Entries supplied:
-.-.-
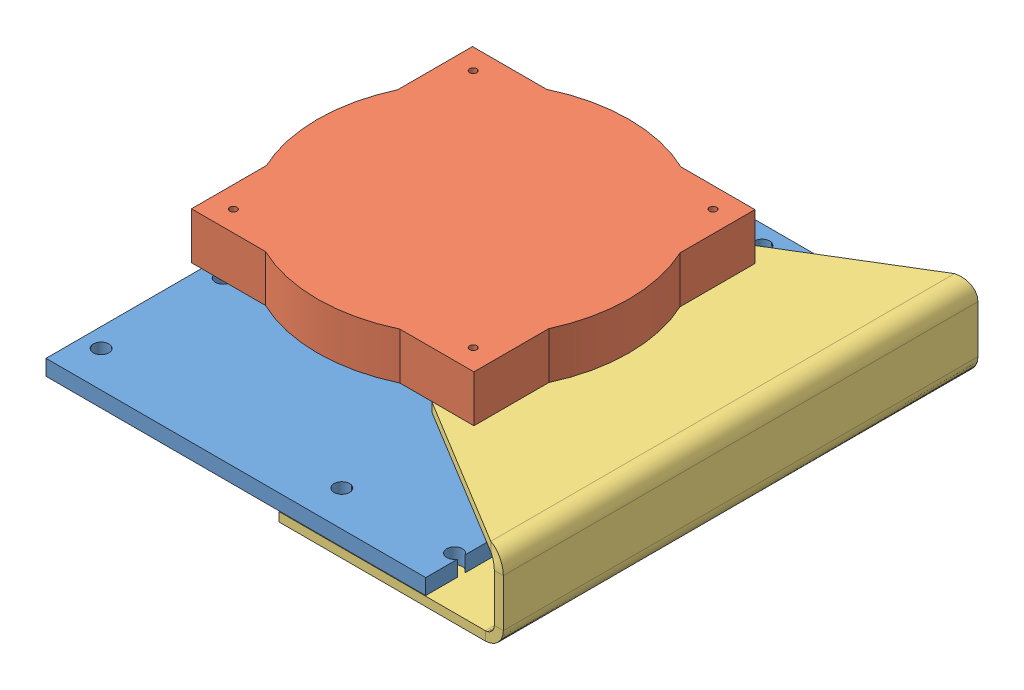
SolidWorks assembly Fan mount, configuration Default. Lengths in mm.
Overall size (293.66 83.88 304.8).
3 component instances, 3 part files, 4 mates.
Components (placement in the parent):
- board blank-1: board blank [Default] at origin size (243.84 10 304.8)
- Fan blank-1: Fan blank [Default] at (0 47.6947 0) size (200 30 200)
- fan mount-1: fan mount [Default] at (-215.0891 -6.3709 79.0417) size (144.07 53.7 304.8)
Mates (geometry in assembly coordinates):
- Coincident2: coordinate: point of board blank-1; point of assembly
- Coincident11: coincident: plane of board blank-1 through (0 0 0) normal (0 0 1); plane of Fan blank-1 through (0 47.6947 0) normal (0 0 1)
- Coincident16: coincident: plane of board blank-1 through (0 0 0) normal (0 0 1); plane of Fan blank-1 through (0 47.6947 0) normal (0 0 1)
- Coincident23: coincident aligned: plane of board blank-1 through (0 0 0) normal (1 0 0); plane of Fan blank-1 through (0 47.6947 0) normal (1 0 0)
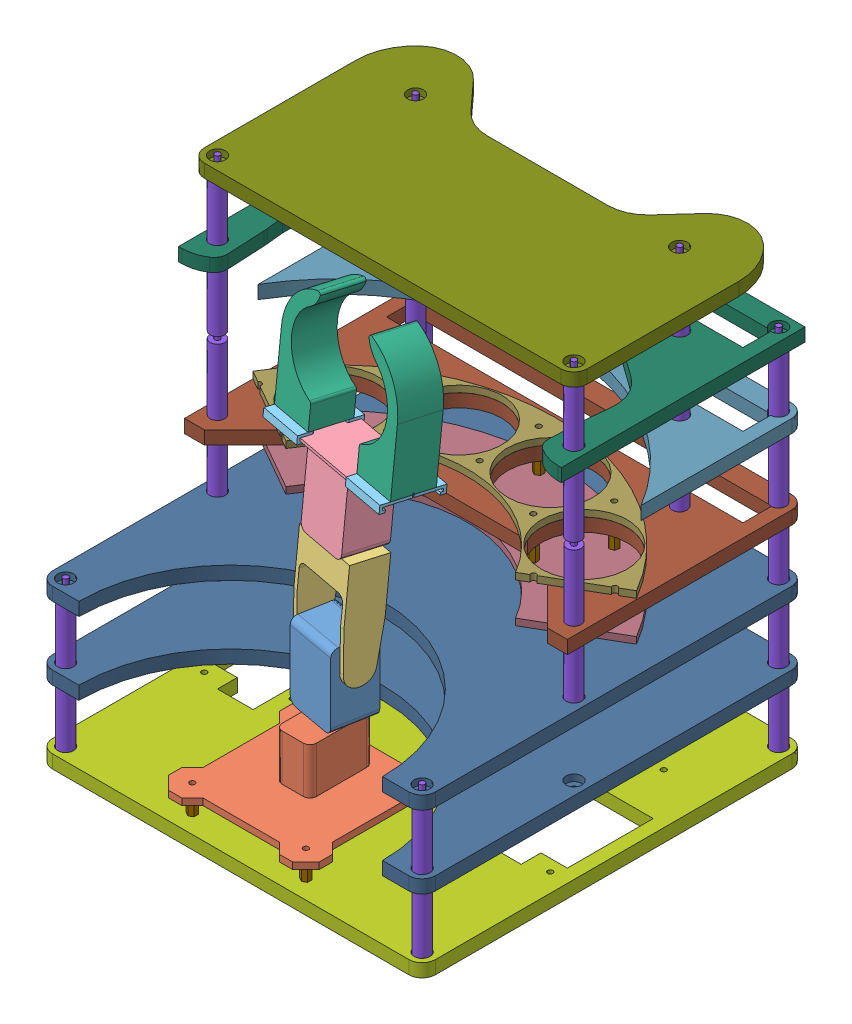
SolidWorks assembly Assemblage, configuration Défaut. Lengths in mm.
Overall size (300.9 341 290).
56 component instances, 16 part files, 103 mates.
Components (placement in the parent):
- Assemblage_bras-1: Assemblage_bras [Défaut] at (-49.1579 56.0755 -15.25) size (120.36 303.09 121.15)
  - Servo2-1: Servo2 [Défaut] at (22.0629 5.137 -51.3648) x (0.176964 0 -0.984217) z (0 -1 0) size (32 38 61)
  - base_phantom-1: base_phantom [Défaut] at (-9.9641 -36.863 15.25) size (114 40 114)
  - junction-1: junction [Défaut] at (69.0565 32.6651 -71.9815) x (-0.984059 0.008265 -0.177648) z (0.17633 -0.084554 -0.980693) size (47 82 27)
  - Servo2 bout-1: Servo2 bout [Défaut] at (23.9286 117.2143 -57.3045) x (0.17633 -0.084554 -0.980693) z (-0.023126 -0.996385 0.081749) size (40 78 63)
  - Pince_bas-1: Pince_bas [Défaut] at (5.448 175.835 -81.9965) x (0.17633 -0.084554 -0.980693) z (0.984059 -0.008265 0.177648) size (44 6 31.62)
  - Pince_bas-2: Pince_bas [Défaut] at (91.7926 175.1098 -66.4091) x (-0.17633 0.084554 0.980693) z (-0.984059 0.008265 -0.177648) size (44 6 31.62)
  - Pince_haut-1: Pince_haut [Défaut] at (28.7549 174.3932 -92.9769) x (0.984059 -0.008265 0.177648) z (-0.17633 0.084554 0.980693) size (31.62 89.36 30)
  - Pince_haut-2: Pince_haut [Défaut] at (68.4857 176.5517 -55.4287) x (-0.984059 0.008265 -0.177648) z (0.17633 -0.084554 -0.980693) size (31.62 89.36 30)
- base-1: base [Défaut] at (-150.5635 -5.7875 0) size (290 10 290)
- support-1: support [Défaut] at (-140.5635 -0.7875 -280) size (11 61 11)
- support-2: support [Défaut] at (129.4365 -0.7875 -280) size (11 61 11)
- support-3: support [Défaut] at (-140.5635 -0.7875 -10) size (11 61 11)
- support-4: support [Défaut] at (129.4365 -0.7875 -10) x (-0.964742 0 0.263197) z (-0.263197 0 -0.964742) size (11 61 11)
- entretoise-1: entretoise [Défaut] at (37.4365 4.2125 -14) x (1 0 0) z (0 1 0) size (6 6.93 15)
- entretoise-2: entretoise [Défaut] at (-48.5635 4.2125 -14) x (1 0 0) z (0 1 0) size (6 6.93 15)
- entretoise-3: entretoise [Défaut] at (37.4365 4.2125 -100) x (1 0 0) z (0 1 0) size (6 6.93 15)
- entretoise-4: entretoise [Défaut] at (-48.5635 4.2125 -100) x (1 0 0) z (0 1 0) size (6 6.93 15)
- Layer1-1-1: Layer1-1 [Défaut] at (-150.5635 59.2125 -290) x (1 0 0) z (0 0 -1) size (290 10 290)
- support-5: support [Défaut] at (129.4365 54.2125 -280) x (0.531822 0 -0.846856) z (0.846856 0 0.531822) size (11 61 11)
- support-6: support [Défaut] at (-140.5635 54.2125 -280) size (11 61 11)
- Layer1-1-2: Layer1-1 [Défaut] at (-150.5635 114.2125 -290) x (1 0 0) z (0 0 -1) size (290 10 290)
- support-7: support [Défaut] at (-140.5635 109.2125 -280) size (11 61 11)
- support-8: support [Défaut] at (129.4365 109.2125 -280) size (11 61 11)
- Layer2-2: Layer2 [Défaut] at (-150.5635 164.2125 -290) x (1 0 0) z (0 0 -1) size (290 10 180)
- support-9: support [Défaut] at (129.4365 54.2125 -10) x (0.570648 0 -0.821195) z (0.821195 0 0.570648) size (11 61 11)
- support-10: support [Défaut] at (-140.5635 54.2125 -10) x (0.763128 0 0.646247) z (-0.646247 0 0.763128) size (11 61 11)
- host-2: host [Défaut] at (-5.5635 169.2125 -79) x (-0.007977 0 -0.999968) z (0 -1 0) size (117.3 289.25 5)
- hostmidlayer-1: hostmidlayer [Défaut] at (-5.5635 134.2125 -79) x (0.127738 0 -0.991808) z (0 1 0) size (128.89 286.78 5)
- entretoise-5: entretoise [Défaut] at (49.0079 154.2125 -174.509) x (0.99332 0 -0.115391) z (0 -1 0) size (6 6.93 15)
- entretoise-6: entretoise [Défaut] at (-83.6659 139.2125 -212.8843) x (1 0 0) z (0 1 0) size (6 6.93 15)
- entretoise-7: entretoise [Défaut] at (-6.0578 139.2125 -188.9989) x (1 0 0) z (0 1 0) size (6 6.93 15)
- entretoise-8: entretoise [Défaut] at (-6.26 139.2125 -233.9984) x (1 0 0) z (0 1 0) size (6 6.93 15)
- entretoise-9: entretoise [Défaut] at (-60.991 154.2125 -174.0147) x (1 0 0) z (0 -1 0) size (6 6.93 15)
- entretoise-10: entretoise [Défaut] at (71.3325 139.2125 -213.5808) x (-0.97745 0 -0.211168) z (0 1 0) size (6 6.93 15)
- support-11: support [Défaut] at (129.4365 109.2125 -125) size (11 61 11)
- support-12: support [Défaut] at (-140.5635 109.2125 -125) size (11 61 11)
- Layer3-1: Layer3 [Défaut] at (-150.5635 224.2125 -290) x (1 0 0) z (0 0 -1) size (290 10 124.19)
- support-13: support [Défaut] at (129.4365 164.2125 -280) x (0.266452 0 0.963848) z (-0.963848 0 0.266452) size (11 61 11)
- support-14: support [Défaut] at (-140.5635 164.2125 -280) x (0.026348 0 0.999653) z (-0.999653 0 0.026348) size (11 61 11)
- support-15: support [Défaut] at (94.4365 164.2125 -240) size (11 61 11)
- support-16: support [Défaut] at (-105.5635 164.2125 -240) x (-0.978949 0 0.204106) z (-0.204106 0 -0.978949) size (11 61 11)
- Layer4-1: Layer4 [Défaut] at (-150.5635 279.2125 -290) x (1 0 0) z (0 0 -1) size (290 10 184.53)
- support-17: support [Défaut] at (-140.5635 219.2125 -280) x (0.729899 0 0.683555) z (-0.683555 0 0.729899) size (11 61 11)
- support-18: support [Défaut] at (94.4365 219.2125 -240) size (11 61 11)
- support-19: support [Défaut] at (-140.5635 164.2125 -125) size (11 61 11)
- support-20: support [Défaut] at (129.4365 219.2125 -280) x (-0.918728 0 0.39489) z (-0.39489 0 -0.918728) size (11 61 11)
- support-21: support [Défaut] at (-140.5635 219.2125 -125) size (11 61 11)
- support-22: support [Défaut] at (-105.5635 219.2125 -240) size (11 61 11)
- Layer5-1: Layer5 [Défaut] at (-150.5635 334.2125 -290) x (1 0 0) z (0 0 -1) size (290 10 166.3)
- support-23: support [Défaut] at (-105.5635 274.2125 -240) x (0.23537 0 -0.971906) z (0.971906 0 0.23537) size (11 61 11)
- support-24: support [Défaut] at (94.4365 274.2125 -240) x (-0.250011 0 0.968243) z (-0.968243 0 -0.250011) size (11 61 11)
- support-25: support [Défaut] at (129.4365 274.2125 -125) size (11 61 11)
- support-26: support [Défaut] at (-140.5635 274.2125 -125) x (0.984829 0 0.173528) z (-0.173528 0 0.984829) size (11 61 11)
- support-27: support [Défaut] at (129.4365 219.2125 -125) x (0.366032 0 -0.930602) z (0.930602 0 0.366032) size (11 61 11)
- support-28: support [Défaut] at (129.4365 164.2125 -125) x (-0.999917 0 0.012862) z (-0.012862 0 -0.999917) size (11 61 11)
Mates (geometry in assembly coordinates):
- Coaxiale1: concentric anti-aligned: cylinder of base-1 through (129.4365 -5.7875 -280) axis (0 1 0) radius 2; cylinder of support-2 through (129.4365 10.2125 -280) axis (0 -1 0) radius 2
- Coïncidente1: coincident anti-aligned: plane of base-1 through (129.4365 -0.7875 -280) normal (0 1 0); plane of support-2 through (129.4365 -0.7875 -280) normal (0 -1 0)
- Coaxiale2: concentric anti-aligned: cylinder of base-1 through (129.4365 -5.7875 -10) axis (0 1 0) radius 2; cylinder of support-4 through (129.4365 10.2125 -10) axis (0 -1 0) radius 2
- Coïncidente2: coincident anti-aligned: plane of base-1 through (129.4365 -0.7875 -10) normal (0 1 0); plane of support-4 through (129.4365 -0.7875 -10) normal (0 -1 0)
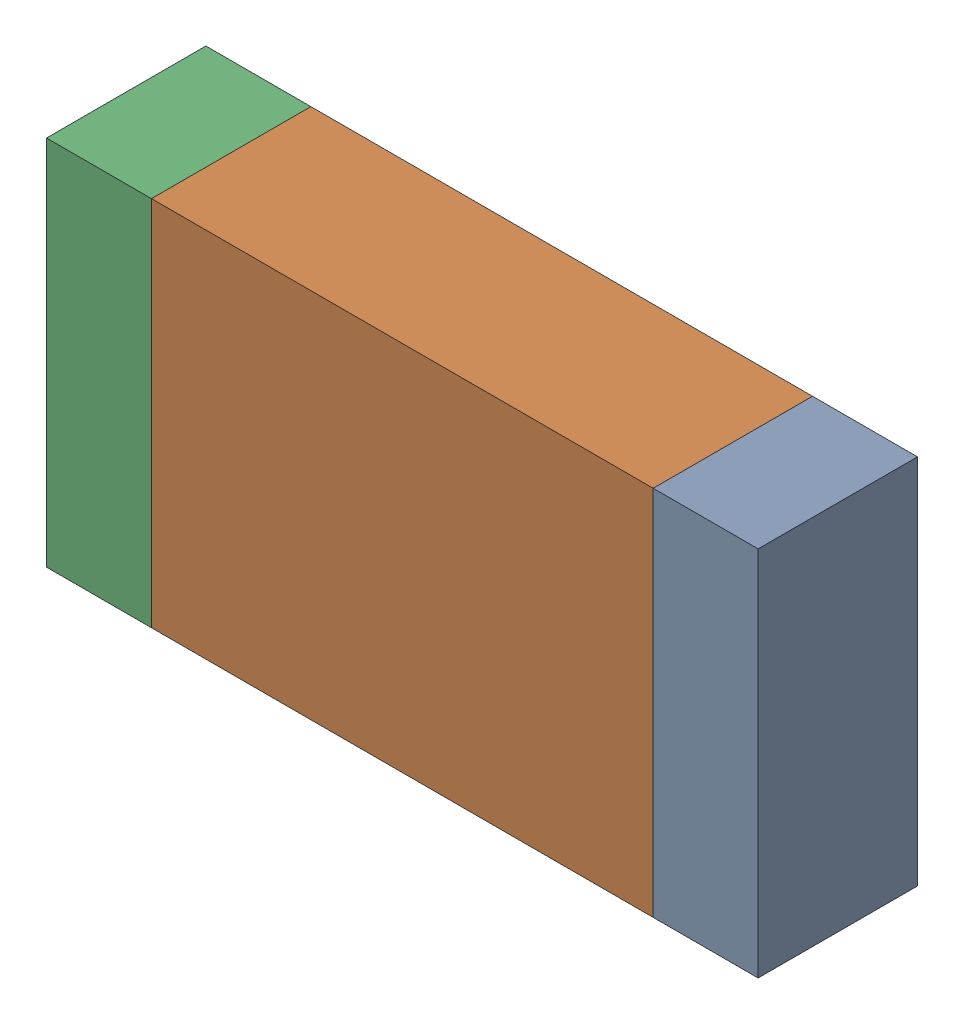
SolidWorks assembly R01-1, configuration Default. Lengths in mm.
Overall size (3.35 1.75 0.75).
6 component instances, 2 part files, 0 mates.
Components (placement in the parent):
- 959206760-1-1: 959206760-1 [Default] at (117.3285 91.9479 0) size (0.49 1.75 0.75)
  - Extruded-33-1: Extruded-33 [Default] at origin size (0.49 1.75 0.75)
- 959206896-1-1: 959206896-1 [Default] at (115.901 91.9479 0) size (2.36 1.75 0.75)
  - Extruded-34-1: Extruded-34 [Default] at origin size (2.36 1.75 0.75)
- 959206760-1-2: 959206760-1 [Default] at (114.4735 91.9479 0) size (0.49 1.75 0.75)
  - Extruded-33-1: Extruded-33 [Default] at origin size (0.49 1.75 0.75)
-.-.-
Problem requirements:
Find each line in the material above that carries the string "files", and copy it.

Result below:
3 component instances, 3 part files, 4 mates.
56 component instances, 16 part files, 103 mates.
6 component instances, 2 part files, 0 mates.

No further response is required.